Right to know the evidence against him: The either of the party
to the suit before the court of law has the right to know about the
evidences produced before the court of law against him by the
opponent. Dhakeshwari Cotton Mills Ltd. v. CIT , held that the
assessed was not given a fair hearing as the Appellate Income Tax
tribunal did not disclose the information supplied to it by the
department. A person may be allowed to inspect the file and take
notes.
Right to present case and evidence: The authority who assigned
for look after a matter must provide an opportunity to the party to
present his case with indulging some evidences. Courts have
unanimously held that the oral hearing is not an integral part of the
fair hearing, unless the circumstances call for the oral hearing.
Right to cross-examination- Section 33 of the Indian Evidence Act,
1972, provides for the rights of the parties to cross-examine. The cross-
examination of the witnesses is not regarded as an obligatory part of
natural justice. Whether the opportunity of cross examination is to be give
or not depends upon the circumstances of the case and statute under
which hearing is held. Hira nath mishra v. Rajendra medical College ,
Ranchi, some male students of medical college entered the girls hostel and
misbehaved with the girls. An inquiry committee was set up against whom
the complaints were made. The complainants were examined but not in
presence of the boys. On the report of the committee, four students were
expelled from the college. They challenged the decision of the committee
on the ground of violation of the natural justice. The court rejected the plea
and held that in presence of the boys, the girls can not be cross-examined
that that may expose them to the harassment.

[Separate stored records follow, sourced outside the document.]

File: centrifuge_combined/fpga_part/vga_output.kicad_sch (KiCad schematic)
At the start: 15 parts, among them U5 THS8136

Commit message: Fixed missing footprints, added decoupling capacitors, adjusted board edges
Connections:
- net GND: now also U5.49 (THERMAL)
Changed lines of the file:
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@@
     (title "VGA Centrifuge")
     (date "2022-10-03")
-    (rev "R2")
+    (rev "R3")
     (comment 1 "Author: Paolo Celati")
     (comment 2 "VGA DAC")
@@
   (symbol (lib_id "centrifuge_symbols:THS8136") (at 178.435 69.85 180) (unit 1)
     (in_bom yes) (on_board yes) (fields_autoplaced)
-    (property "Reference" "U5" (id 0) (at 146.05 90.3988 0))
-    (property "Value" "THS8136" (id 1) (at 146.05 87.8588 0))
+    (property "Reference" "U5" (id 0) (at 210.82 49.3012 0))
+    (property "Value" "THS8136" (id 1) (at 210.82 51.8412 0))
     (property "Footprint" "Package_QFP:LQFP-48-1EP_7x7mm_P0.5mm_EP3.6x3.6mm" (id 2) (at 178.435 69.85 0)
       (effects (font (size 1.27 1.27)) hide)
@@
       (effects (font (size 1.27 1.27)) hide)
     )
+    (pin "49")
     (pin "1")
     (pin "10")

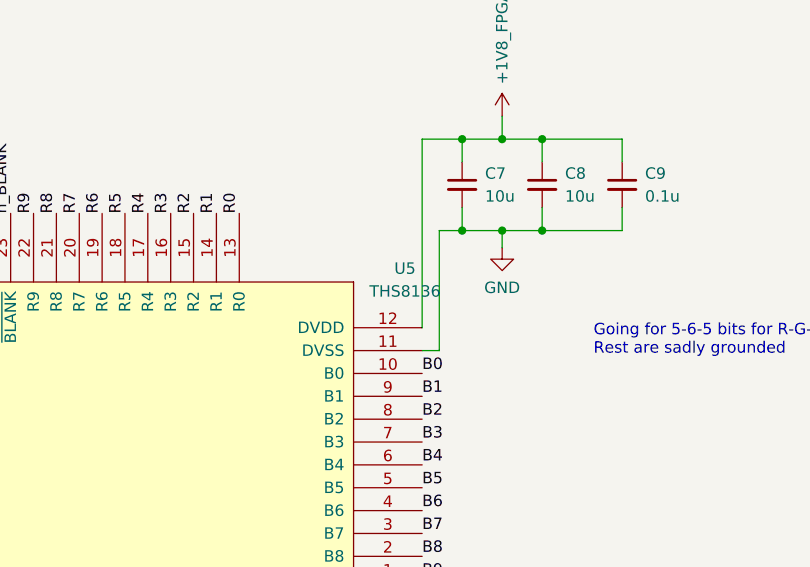
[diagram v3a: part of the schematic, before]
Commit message: Fixed Elprint complaints and JTAG VREF problems+config flash CS
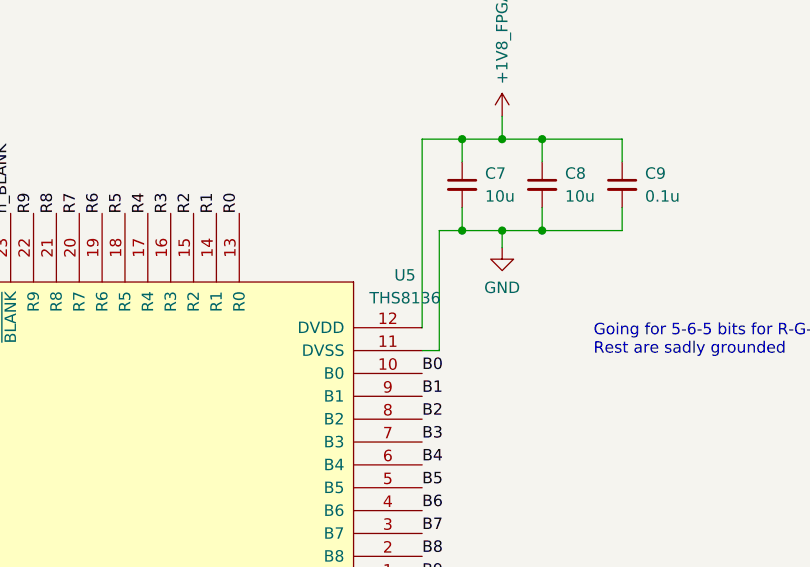
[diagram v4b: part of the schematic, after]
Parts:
- U5: footprint Package_QFP:LQFP-48-1EP_7x7mm_P0.5mm_EP3.6x3.6mm -> centrifuge footprints:LQFP-48-1EP_7x7mm_P0.5mm_EP3.6x3.6mm_ThermalVias_modified
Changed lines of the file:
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@@
   (title_block
     (title "VGA Centrifuge")
-    (date "2022-10-03")
-    (rev "R3")
+    (date "2022-10-05")
+    (rev "R4")
     (comment 1 "Author: Paolo Celati")
     (comment 2 "VGA DAC")
@@
   (symbol (lib_id "centrifuge_symbols:THS8136") (at 178.435 69.85 180) (unit 1)
     (in_bom yes) (on_board yes) (fields_autoplaced)
-    (property "Reference" "U5" (id 0) (at 210.82 49.3012 0))
-    (property "Value" "THS8136" (id 1) (at 210.82 51.8412 0))
-    (property "Footprint" "Package_QFP:LQFP-48-1EP_7x7mm_P0.5mm_EP3.6x3.6mm" (id 2) (at 178.435 69.85 0)
-      (effects (font (size 1.27 1.27)) hide)
-    )
+    (property "Reference" "U5" (id 0) (at 210.82 50.0505 0))
+    (property "Value" "THS8136" (id 1) (at 210.82 52.5905 0))
+    (property "Footprint" "centrifuge footprints:LQFP-48-1EP_7x7mm_P0.5mm_EP3.6x3.6mm_ThermalVias_modified" (id 2) (at 178.435 69.85 0)
+      (effects (font (size 1.27 1.27)) hide)
+    )
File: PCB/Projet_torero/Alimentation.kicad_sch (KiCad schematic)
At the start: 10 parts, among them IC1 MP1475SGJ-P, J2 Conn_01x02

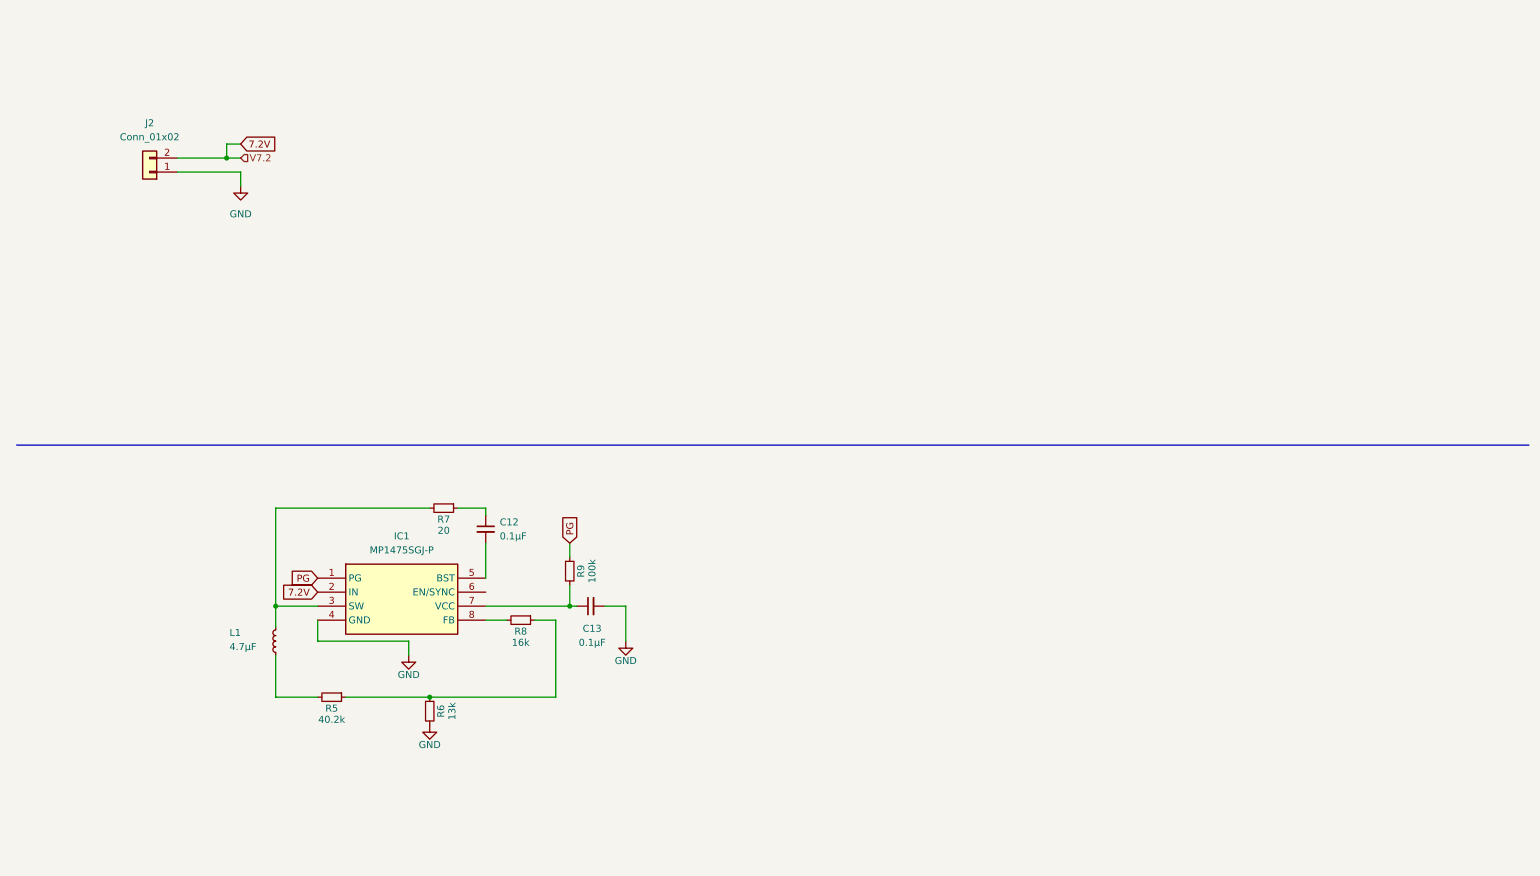
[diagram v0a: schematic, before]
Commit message: Mis à jour, manque l'interupteur ON/OFF
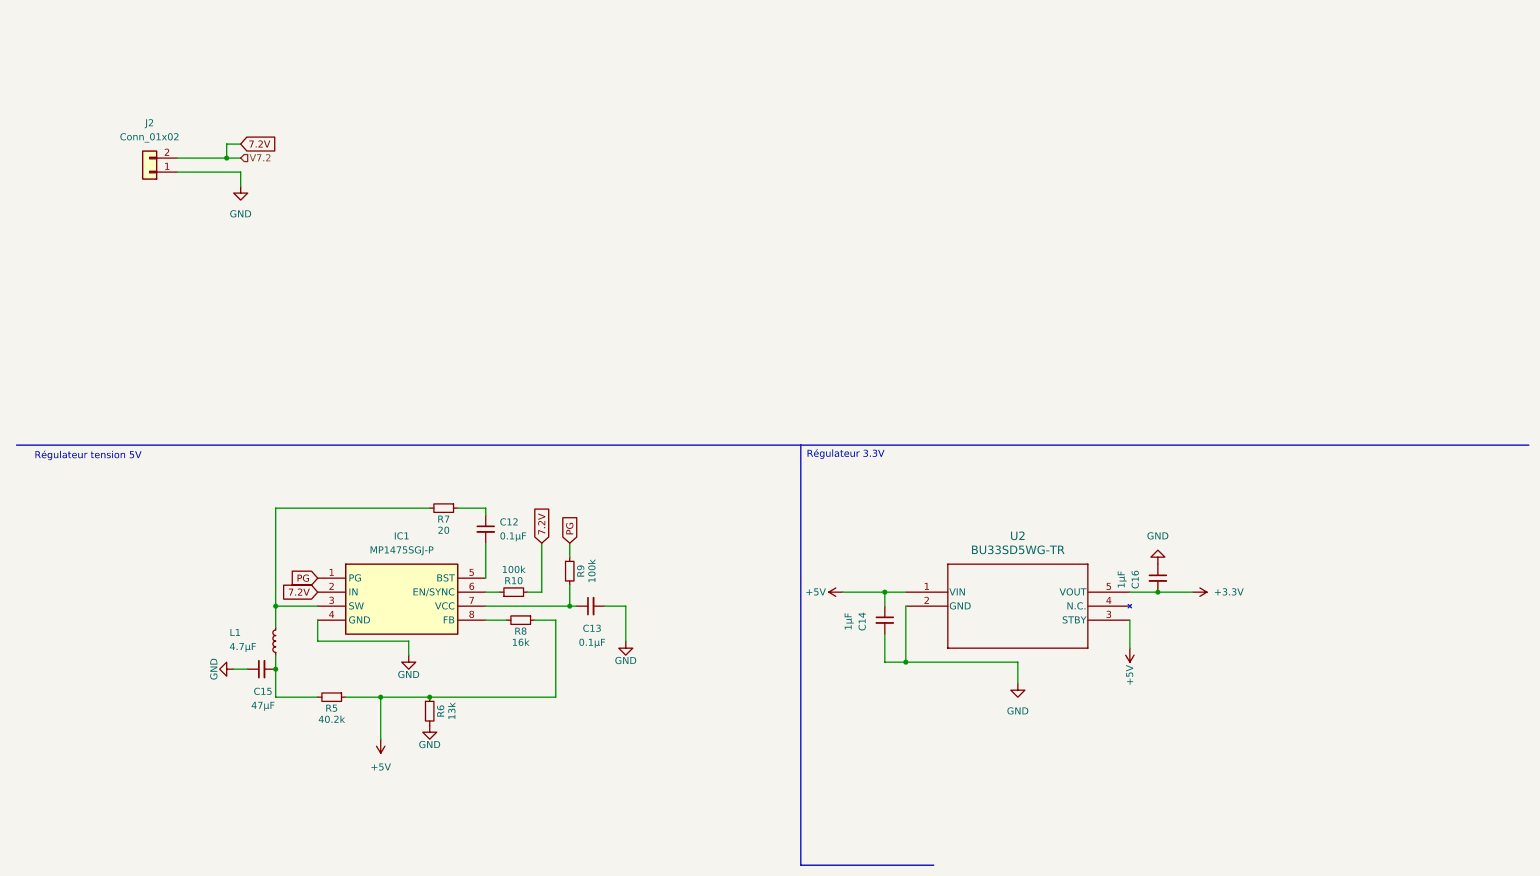
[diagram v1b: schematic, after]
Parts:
- added C14, C16: 1µF, symbol Device:C_Small
- added C15: 47µF, symbol Device:C_Small
- added R10: 100k, symbol Device:R_Small
- added U2: BU33SD5WG-TR, SSOP5_ROM, symbol 2024-10-01_06-18-21:BU33SD5WG-TR
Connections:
- net 7.2V: now also R10.2
- net GND: now also C14.2, C15.1, C16.1, U2.2 (GND)
- net at IC1.6 (EN/SYNC): now also R10.1
- net +5V: now reaches R5.1, R6.1, R8.1
- net +5V: now also C14.1, U2.1 (VIN), U2.3 (STBY)
- net at L1.1, R5.2: now also C15.2
- new net +3.3V: C16.2, U2.5 (VOUT)
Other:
- note added: "Régulateur 3.3V"
- note added: "Régulateur tension 5V"

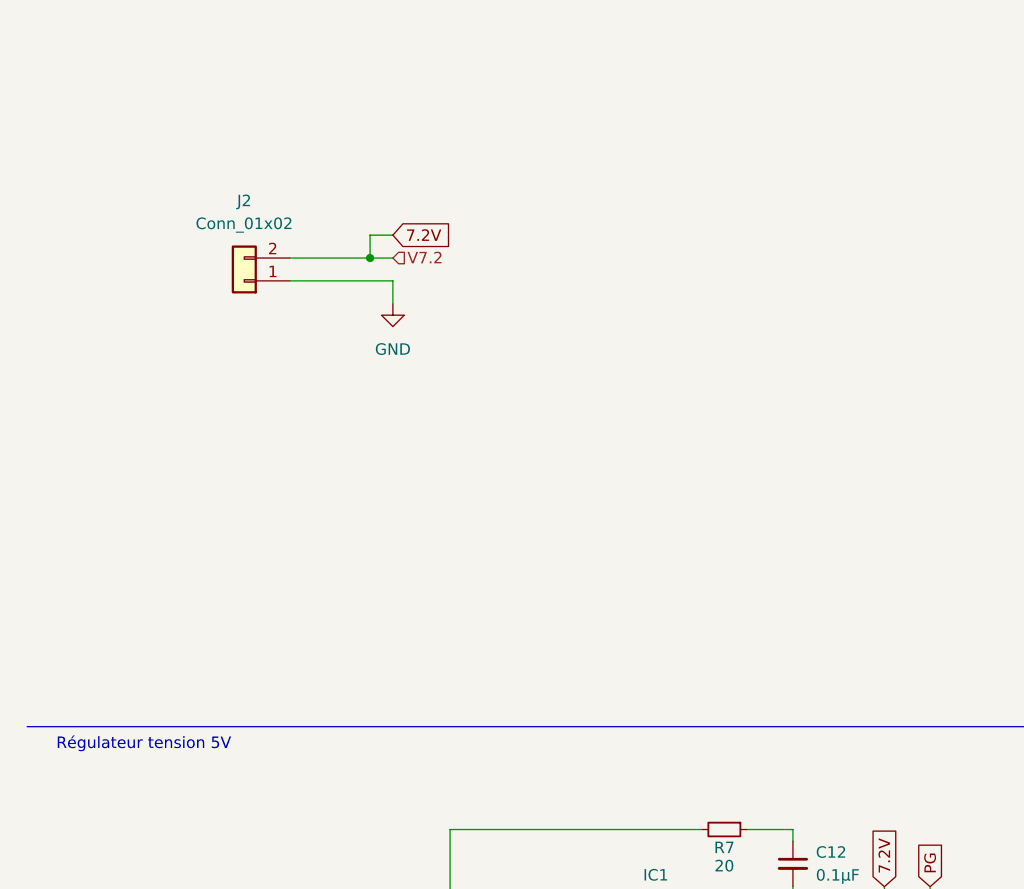
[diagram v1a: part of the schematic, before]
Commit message: Rajout interupteur ON/OFF
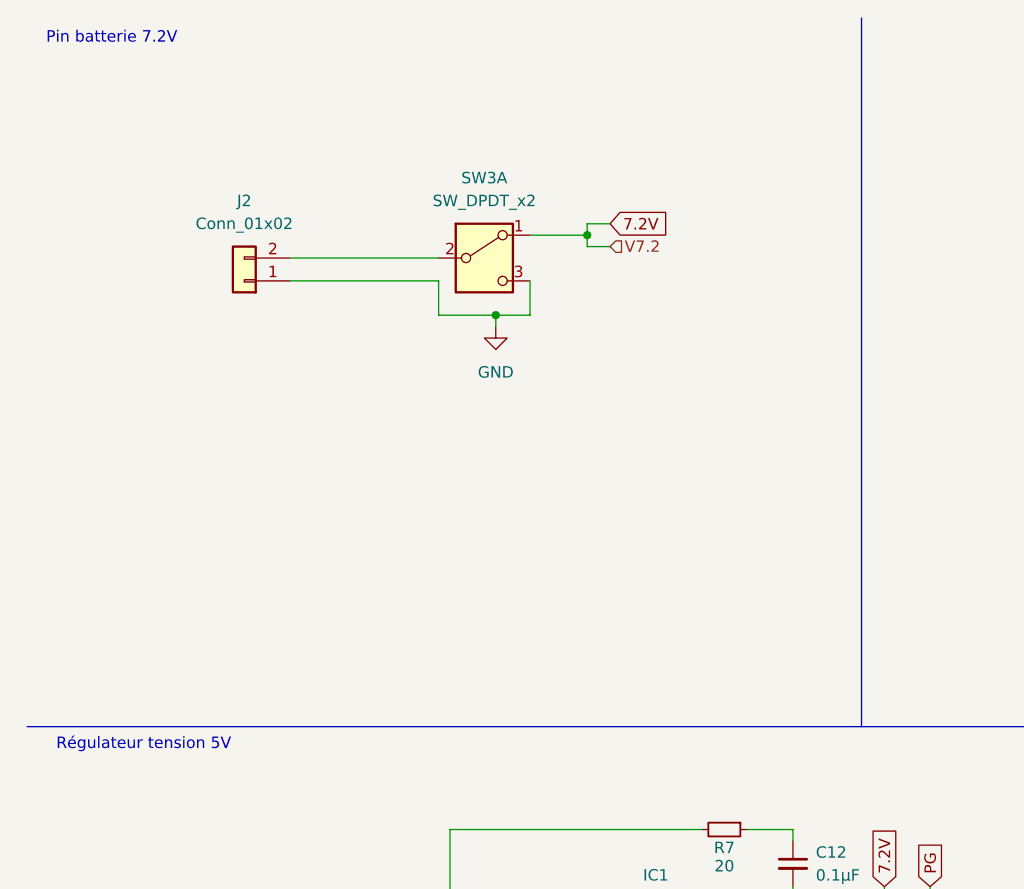
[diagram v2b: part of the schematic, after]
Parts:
- added SW3: SW_DPDT_x2, symbol Switch:SW_DPDT_x2
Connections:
- net 7.2V: now also SW3.1 (A); no longer J2.2 (Pin_2)
- net GND: now also SW3.3 (C)
- new net: J2.2 (Pin_2), SW3.2 (B)
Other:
- note added: "Pin batterie 7.2V"
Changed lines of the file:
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@@
+	)
+	(junction
+		(at 63.5 44.45)
+		(diameter 0)
+		(color 0 0 0 0)
 	)
 	(junction
@@
 	)
 	(junction
-		(at 49.53 38.1)
-		(diameter 0)
-		(color 0 0 0 0)
-	)
-	(junction
 		(at 218.44 116.84)
 		(diameter 0)
@@
 		(color 0 0 0 0)
 	)
+	(junction
+		(at 73.66 35.56)
+		(diameter 0)
+		(color 0 0 0 0)
+	)
 	(wire
 		(pts
@@
 		)
 	)
+	(polyline
+		(pts
+			(xy 104.14 11.43) (xy 104.14 90.17)
+		)
+		(stroke
+			(width 0)
+			(type default)
+		)
+	)
 	(wire
 		(pts
@@
 	(wire
 		(pts
-			(xy 52.07 35.56) (xy 49.53 35.56)
-		)
-		(stroke
-			(width 0)
-			(type default)
-		)
-	)
-	(wire
-		(pts
-			(xy 40.64 40.64) (xy 52.07 40.64)
+			(xy 76.2 34.29) (xy 73.66 34.29)
 		)
 		(stroke
@@
 	(wire
 		(pts
+			(xy 57.15 44.45) (xy 63.5 44.45)
+		)
+		(stroke
+			(width 0)
+			(type default)
+		)
+	)
+	(wire
+		(pts
 			(xy 96.52 107.95) (xy 96.52 114.3)
 		)
@@
 	(wire
 		(pts
-			(xy 52.07 40.64) (xy 52.07 43.18)
+			(xy 57.15 40.64) (xy 57.15 44.45)
 		)
 		(stroke
@@
 	(wire
 		(pts
+			(xy 57.15 40.64) (xy 40.64 40.64)
+		)
+		(stroke
+			(width 0)
+			(type default)
+		)
+	)
+	(wire
+		(pts
+			(xy 67.31 40.64) (xy 67.31 44.45)
+		)
+		(stroke
+			(width 0)
+			(type default)
+		)
+	)
+	(wire
+		(pts
 			(xy 58.42 128.27) (xy 58.42 130.81)
 		)
@@
 	(wire
 		(pts
-			(xy 49.53 35.56) (xy 49.53 38.1)
+			(xy 73.66 34.29) (xy 73.66 35.56)
+		)
+		(stroke
+			(width 0)
+			(type default)
+		)
+	)
+	(wire
+		(pts
+			(xy 63.5 44.45) (xy 63.5 45.72)
 		)
 		(stroke
@@
 	(wire
 		(pts
+			(xy 73.66 35.56) (xy 73.66 36.83)
+		)
+		(stroke
+			(width 0)
+			(type default)
+		)
+	)
+	(wire
+		(pts
 			(xy 66.04 121.92) (xy 66.04 125.73)
 		)
@@
 	(wire
 		(pts
-			(xy 40.64 38.1) (xy 49.53 38.1)
-		)
-		(stroke
-			(width 0)
-			(type default)
-		)
-	)
-	(wire
-		(pts
 			(xy 58.42 135.89) (xy 66.04 135.89)
 		)
@@
 	(wire
 		(pts
+			(xy 67.31 35.56) (xy 73.66 35.56)
+		)
+		(stroke
+			(width 0)
+			(type default)
+		)
+	)
+	(wire
+		(pts
 			(xy 71.12 135.89) (xy 77.47 135.89)
 		)
@@
 	(wire
 		(pts
-			(xy 49.53 38.1) (xy 52.07 38.1)
+			(xy 73.66 36.83) (xy 76.2 36.83)
 		)
 		(stroke
@@
 	(wire
 		(pts
+			(xy 40.64 38.1) (xy 57.15 38.1)
+		)
+		(stroke
+			(width 0)
+			(type default)
+		)
+	)
+	(wire
+		(pts
 			(xy 111.76 110.49) (xy 111.76 107.95)
 		)
@@
 			(width 0)
 			(type default)
+		)
+	)
+	(wire
+		(pts
+			(xy 67.31 44.45) (xy 63.5 44.45)
+		)
+		(stroke
+			(width 0)
+			(type default)
+		)
+	)
+	(text "Pin batterie 7.2V"
+		(exclude_from_sim no)
+		(at 20.828 13.716 0)
+		(effects
+			(font
+				(size 1.27 1.27)
+			)
 		)
 	)
@@
 	(global_label "7.2V"
 		(shape input)
-		(at 52.07 35.56 0)
+		(at 76.2 34.29 0)
 		(fields_autoplaced yes)
 		(effects
@@
 		)
 		(property "Intersheetrefs" "${INTERSHEET_REFS}"
-			(at 59.1676 35.56 0)
+			(at 83.2976 34.29 0)
 			(effects
 				(font
@@
 	(hierarchical_label "V7.2"
 		(shape input)
-		(at 52.07 38.1 0)
+		(at 76.2 36.83 0)
 		(fields_autoplaced yes)
 		(effects
@@
 	)
 	(symbol
+		(lib_id "Switch:SW_DPDT_x2")
+		(at 62.23 38.1 0)
+		(unit 1)
+		(exclude_from_sim no)
+		(in_bom yes)
+		(on_board yes)
+		(dnp no)
+		(fields_autoplaced yes)
+		(property "Reference" "SW3"
+			(at 62.23 29.21 0)
+			(effects
+				(font
+					(size 1.27 1.27)
+				)
+			)
+		)
+		(property "Value" "SW_DPDT_x2"
+			(at 62.23 31.75 0)
+			(effects
+				(font
+					(size 1.27 1.27)
+				)
+			)
+		)
+		(property "Footprint" ""
+			(at 62.23 38.1 0)
+			(effects
+				(font
+					(size 1.27 1.27)
+				)
+				(hide yes)
+			)
+		)
+		(property "Datasheet" "~"
+			(at 62.23 38.1 0)
+			(effects
+				(font
+					(size 1.27 1.27)
+				)
+				(hide yes)
+			)
+		)
+		(property "Description" "Switch, dual pole double throw, separate symbols"
+			(at 62.23 38.1 0)
+			(effects
+				(font
+					(size 1.27 1.27)
+				)
+				(hide yes)
+			)
+		)
+		(pin "1"
+		)
+		(pin "2"
+		)
+		(pin "3"
+		)
+		(pin "4"
+		)
+		(pin "5"
+		)
+		(pin "6"
+		)
+		(instances
+			(project ""
+				(path "/04e1eb47-a2c4-462b-bef7-377d9515a2c0/b3b2826c-2e3c-42fe-bcd6-22fcd6249c25"
+					(reference "SW3")
+					(unit 1)
+				)
+			)
+		)
+	)
+	(symbol
 		(lib_id "power:GND")
 		(at 218.44 111.76 180)
@@
 	(symbol
 		(lib_id "power:GND")
-		(at 52.07 43.18 0)
+		(at 63.5 45.72 0)
 		(unit 1)
 		(exclude_from_sim no)
@@
 		(fields_autoplaced yes)
 		(property "Reference" "#PWR021"
-			(at 52.07 49.53 0)
+			(at 63.5 52.07 0)
 			(effects
 				(font
@@
 		)
 		(property "Value" "GND"
-			(at 52.07 48.26 0)
+			(at 63.5 50.8 0)
 			(effects
 				(font
@@
 		)
 		(property "Footprint" ""
-			(at 52.07 43.18 0)
+			(at 63.5 45.72 0)
 			(effects
 				(font
@@
 		)
 		(property "Datasheet" ""
-			(at 52.07 43.18 0)
+			(at 63.5 45.72 0)
 			(effects
 				(font
@@
 		)
 		(property "Description" "Power symbol creates a global label with name \"GND\" , ground"
-			(at 52.07 43.18 0)
-			(effects
-				(font
+			(at 63.5 45.72 0)
+			(effects
+				(font

EXCEPTIONS TO THE RULE OF NATURAL
JUSTICE
The rule of fair hearing can be ignored in certain cases like:
Emergency – if a prompt action has to be taken where it is not expedient to hear all
evidence, the rule may be dispensed with.
Confidentiality – confidential documents need not be shown to a party.
Purely administrative matters – in purely administrative actions, it may be expedient to
leave these rules to provide order.
Impracticability – the application of the rules are not feasible in cases of administrative
impracticability.
Interim preventive action – if the order is an interim order and not the final decision, thr
rule may be avoided.
Legislative action – legislative actions are not subject to the rules of natural
justice.
Where no right of the person is infringed – when no statutory or common
law right is infringed, the application of the principle is unnecessary.
Statutory exception or necessity – cases requiring a quick action, where
only one judge is available, even a biased judge can take the decision and
in such cases, it would not vitiate the administrative action.
Contractual agreement – termination of an agreement does not attract the
principles of natural justice.
Useless formality theory – where there is an undisputed fact and only one
consequence would flow from enquiry, the rule may be avoided.